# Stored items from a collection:
::::

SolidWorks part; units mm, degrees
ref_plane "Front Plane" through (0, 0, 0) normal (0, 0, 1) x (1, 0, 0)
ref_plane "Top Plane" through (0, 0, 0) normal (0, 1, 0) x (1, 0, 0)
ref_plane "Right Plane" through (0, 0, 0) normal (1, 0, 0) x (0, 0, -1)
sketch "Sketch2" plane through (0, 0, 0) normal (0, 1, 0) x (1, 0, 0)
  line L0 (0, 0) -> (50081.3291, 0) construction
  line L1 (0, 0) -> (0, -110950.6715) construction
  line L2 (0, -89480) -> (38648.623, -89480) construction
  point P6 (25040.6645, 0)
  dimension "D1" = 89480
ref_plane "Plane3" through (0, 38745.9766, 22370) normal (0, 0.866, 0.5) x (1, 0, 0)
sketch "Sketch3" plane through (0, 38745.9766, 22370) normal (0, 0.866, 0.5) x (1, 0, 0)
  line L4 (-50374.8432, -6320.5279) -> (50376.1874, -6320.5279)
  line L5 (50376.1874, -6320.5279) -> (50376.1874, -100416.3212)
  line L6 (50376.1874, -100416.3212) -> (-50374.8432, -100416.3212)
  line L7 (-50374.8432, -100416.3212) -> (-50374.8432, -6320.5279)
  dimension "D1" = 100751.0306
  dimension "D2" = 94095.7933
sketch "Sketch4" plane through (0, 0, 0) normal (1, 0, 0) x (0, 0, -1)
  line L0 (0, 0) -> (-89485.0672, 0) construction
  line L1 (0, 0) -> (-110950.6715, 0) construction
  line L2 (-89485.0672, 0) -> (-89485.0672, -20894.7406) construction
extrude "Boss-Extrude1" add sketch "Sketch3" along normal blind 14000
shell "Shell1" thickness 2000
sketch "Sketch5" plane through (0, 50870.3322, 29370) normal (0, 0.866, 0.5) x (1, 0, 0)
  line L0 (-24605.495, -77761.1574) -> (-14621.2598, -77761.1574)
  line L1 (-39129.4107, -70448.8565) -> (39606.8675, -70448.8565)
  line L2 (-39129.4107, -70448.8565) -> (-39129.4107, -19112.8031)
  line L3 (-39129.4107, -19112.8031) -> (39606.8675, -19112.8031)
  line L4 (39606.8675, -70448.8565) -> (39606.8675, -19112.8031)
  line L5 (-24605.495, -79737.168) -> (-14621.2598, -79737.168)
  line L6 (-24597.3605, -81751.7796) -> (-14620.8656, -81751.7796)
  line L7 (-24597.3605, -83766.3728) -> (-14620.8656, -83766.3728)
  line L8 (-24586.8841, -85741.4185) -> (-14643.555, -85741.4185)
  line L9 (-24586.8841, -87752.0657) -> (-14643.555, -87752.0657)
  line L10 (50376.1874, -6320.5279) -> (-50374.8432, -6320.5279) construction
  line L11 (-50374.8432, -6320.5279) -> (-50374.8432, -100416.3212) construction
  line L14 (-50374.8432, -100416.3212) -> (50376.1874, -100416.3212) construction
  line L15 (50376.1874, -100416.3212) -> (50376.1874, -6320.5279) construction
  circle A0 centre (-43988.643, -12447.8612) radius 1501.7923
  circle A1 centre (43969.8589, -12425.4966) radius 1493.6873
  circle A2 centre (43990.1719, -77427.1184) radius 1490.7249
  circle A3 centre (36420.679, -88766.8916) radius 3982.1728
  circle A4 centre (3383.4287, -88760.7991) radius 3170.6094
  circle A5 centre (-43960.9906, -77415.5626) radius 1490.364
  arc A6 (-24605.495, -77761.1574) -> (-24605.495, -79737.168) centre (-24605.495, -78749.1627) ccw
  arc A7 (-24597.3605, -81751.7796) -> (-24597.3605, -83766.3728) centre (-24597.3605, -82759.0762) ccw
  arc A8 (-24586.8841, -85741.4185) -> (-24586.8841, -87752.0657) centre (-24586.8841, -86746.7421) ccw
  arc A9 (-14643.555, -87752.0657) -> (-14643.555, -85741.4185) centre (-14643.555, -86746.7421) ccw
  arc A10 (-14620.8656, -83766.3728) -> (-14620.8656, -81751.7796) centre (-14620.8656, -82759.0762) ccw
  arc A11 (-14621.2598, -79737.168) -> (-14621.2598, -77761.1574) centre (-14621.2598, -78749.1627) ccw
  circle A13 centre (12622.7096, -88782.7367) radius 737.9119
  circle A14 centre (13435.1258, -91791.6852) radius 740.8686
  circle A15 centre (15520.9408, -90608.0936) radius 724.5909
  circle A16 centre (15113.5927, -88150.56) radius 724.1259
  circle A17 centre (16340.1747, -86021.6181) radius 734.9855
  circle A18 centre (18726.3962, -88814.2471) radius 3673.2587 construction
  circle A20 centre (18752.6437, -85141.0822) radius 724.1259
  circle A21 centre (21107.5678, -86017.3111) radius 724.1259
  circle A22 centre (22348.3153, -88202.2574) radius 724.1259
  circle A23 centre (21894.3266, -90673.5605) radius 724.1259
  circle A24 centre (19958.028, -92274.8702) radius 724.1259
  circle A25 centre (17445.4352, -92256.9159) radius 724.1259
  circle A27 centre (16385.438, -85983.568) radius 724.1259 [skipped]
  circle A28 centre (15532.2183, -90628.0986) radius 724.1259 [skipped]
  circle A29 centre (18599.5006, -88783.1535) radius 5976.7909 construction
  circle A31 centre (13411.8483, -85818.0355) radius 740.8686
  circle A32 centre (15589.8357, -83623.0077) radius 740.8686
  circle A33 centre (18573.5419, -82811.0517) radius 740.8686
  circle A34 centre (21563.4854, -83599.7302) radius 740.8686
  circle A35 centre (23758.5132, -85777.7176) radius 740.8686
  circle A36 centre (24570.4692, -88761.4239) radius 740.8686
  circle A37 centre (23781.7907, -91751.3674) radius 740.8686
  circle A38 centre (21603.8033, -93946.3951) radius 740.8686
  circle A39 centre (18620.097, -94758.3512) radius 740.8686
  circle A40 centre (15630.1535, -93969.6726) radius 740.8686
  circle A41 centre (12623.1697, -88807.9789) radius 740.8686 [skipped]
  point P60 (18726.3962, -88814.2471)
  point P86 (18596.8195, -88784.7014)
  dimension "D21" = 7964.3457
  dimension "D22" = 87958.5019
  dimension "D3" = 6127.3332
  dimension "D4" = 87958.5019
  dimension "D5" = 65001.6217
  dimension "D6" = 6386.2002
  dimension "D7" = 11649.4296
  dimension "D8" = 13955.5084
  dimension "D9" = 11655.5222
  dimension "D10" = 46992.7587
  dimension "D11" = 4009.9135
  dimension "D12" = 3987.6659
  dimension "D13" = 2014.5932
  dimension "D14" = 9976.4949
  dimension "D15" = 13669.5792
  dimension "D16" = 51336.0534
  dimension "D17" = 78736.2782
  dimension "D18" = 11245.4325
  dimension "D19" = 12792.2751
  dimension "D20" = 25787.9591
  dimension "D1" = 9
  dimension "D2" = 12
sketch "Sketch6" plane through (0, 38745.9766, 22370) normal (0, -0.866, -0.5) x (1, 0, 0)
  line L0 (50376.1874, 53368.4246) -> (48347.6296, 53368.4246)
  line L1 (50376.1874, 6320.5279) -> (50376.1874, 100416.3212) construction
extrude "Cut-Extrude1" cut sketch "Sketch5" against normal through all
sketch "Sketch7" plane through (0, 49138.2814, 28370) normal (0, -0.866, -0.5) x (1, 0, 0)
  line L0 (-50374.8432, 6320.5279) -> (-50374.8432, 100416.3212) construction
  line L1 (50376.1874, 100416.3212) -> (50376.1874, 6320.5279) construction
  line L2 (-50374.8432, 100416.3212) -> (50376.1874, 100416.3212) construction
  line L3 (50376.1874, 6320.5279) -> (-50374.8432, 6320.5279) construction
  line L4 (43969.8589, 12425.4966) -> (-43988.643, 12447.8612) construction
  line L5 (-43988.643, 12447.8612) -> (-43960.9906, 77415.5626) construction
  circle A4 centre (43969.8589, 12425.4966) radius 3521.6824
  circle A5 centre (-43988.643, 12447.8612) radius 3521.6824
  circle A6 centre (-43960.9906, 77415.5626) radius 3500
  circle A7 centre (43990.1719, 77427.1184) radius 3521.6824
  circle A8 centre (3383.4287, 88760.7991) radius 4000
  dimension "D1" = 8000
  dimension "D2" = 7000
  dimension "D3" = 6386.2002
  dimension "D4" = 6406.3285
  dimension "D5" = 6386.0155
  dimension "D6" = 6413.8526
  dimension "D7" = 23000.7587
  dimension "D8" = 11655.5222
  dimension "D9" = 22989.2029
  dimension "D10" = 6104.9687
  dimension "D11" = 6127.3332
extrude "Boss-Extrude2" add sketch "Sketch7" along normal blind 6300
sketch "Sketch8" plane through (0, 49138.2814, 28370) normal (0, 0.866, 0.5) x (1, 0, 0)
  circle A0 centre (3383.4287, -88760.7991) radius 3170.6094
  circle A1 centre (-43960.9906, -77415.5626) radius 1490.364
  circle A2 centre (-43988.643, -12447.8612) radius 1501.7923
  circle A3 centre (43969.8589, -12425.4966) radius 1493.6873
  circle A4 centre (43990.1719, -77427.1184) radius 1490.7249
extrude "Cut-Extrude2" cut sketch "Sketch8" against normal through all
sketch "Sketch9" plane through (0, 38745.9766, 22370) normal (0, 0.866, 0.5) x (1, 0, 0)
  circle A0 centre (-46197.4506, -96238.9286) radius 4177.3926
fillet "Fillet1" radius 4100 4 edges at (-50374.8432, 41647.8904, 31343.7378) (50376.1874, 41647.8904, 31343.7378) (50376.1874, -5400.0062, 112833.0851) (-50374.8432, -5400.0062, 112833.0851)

::::

# ACTIVITY:
Every line of the records that includes the word "extrude" should be gathered.

# REPLY TO THE TASK:
extrude "Boss-Extrude1" add sketch "Sketch3" along normal blind 14000
extrude "Cut-Extrude1" cut sketch "Sketch5" against normal through all
extrude "Boss-Extrude2" add sketch "Sketch7" along normal blind 6300
extrude "Cut-Extrude2" cut sketch "Sketch8" against normal through all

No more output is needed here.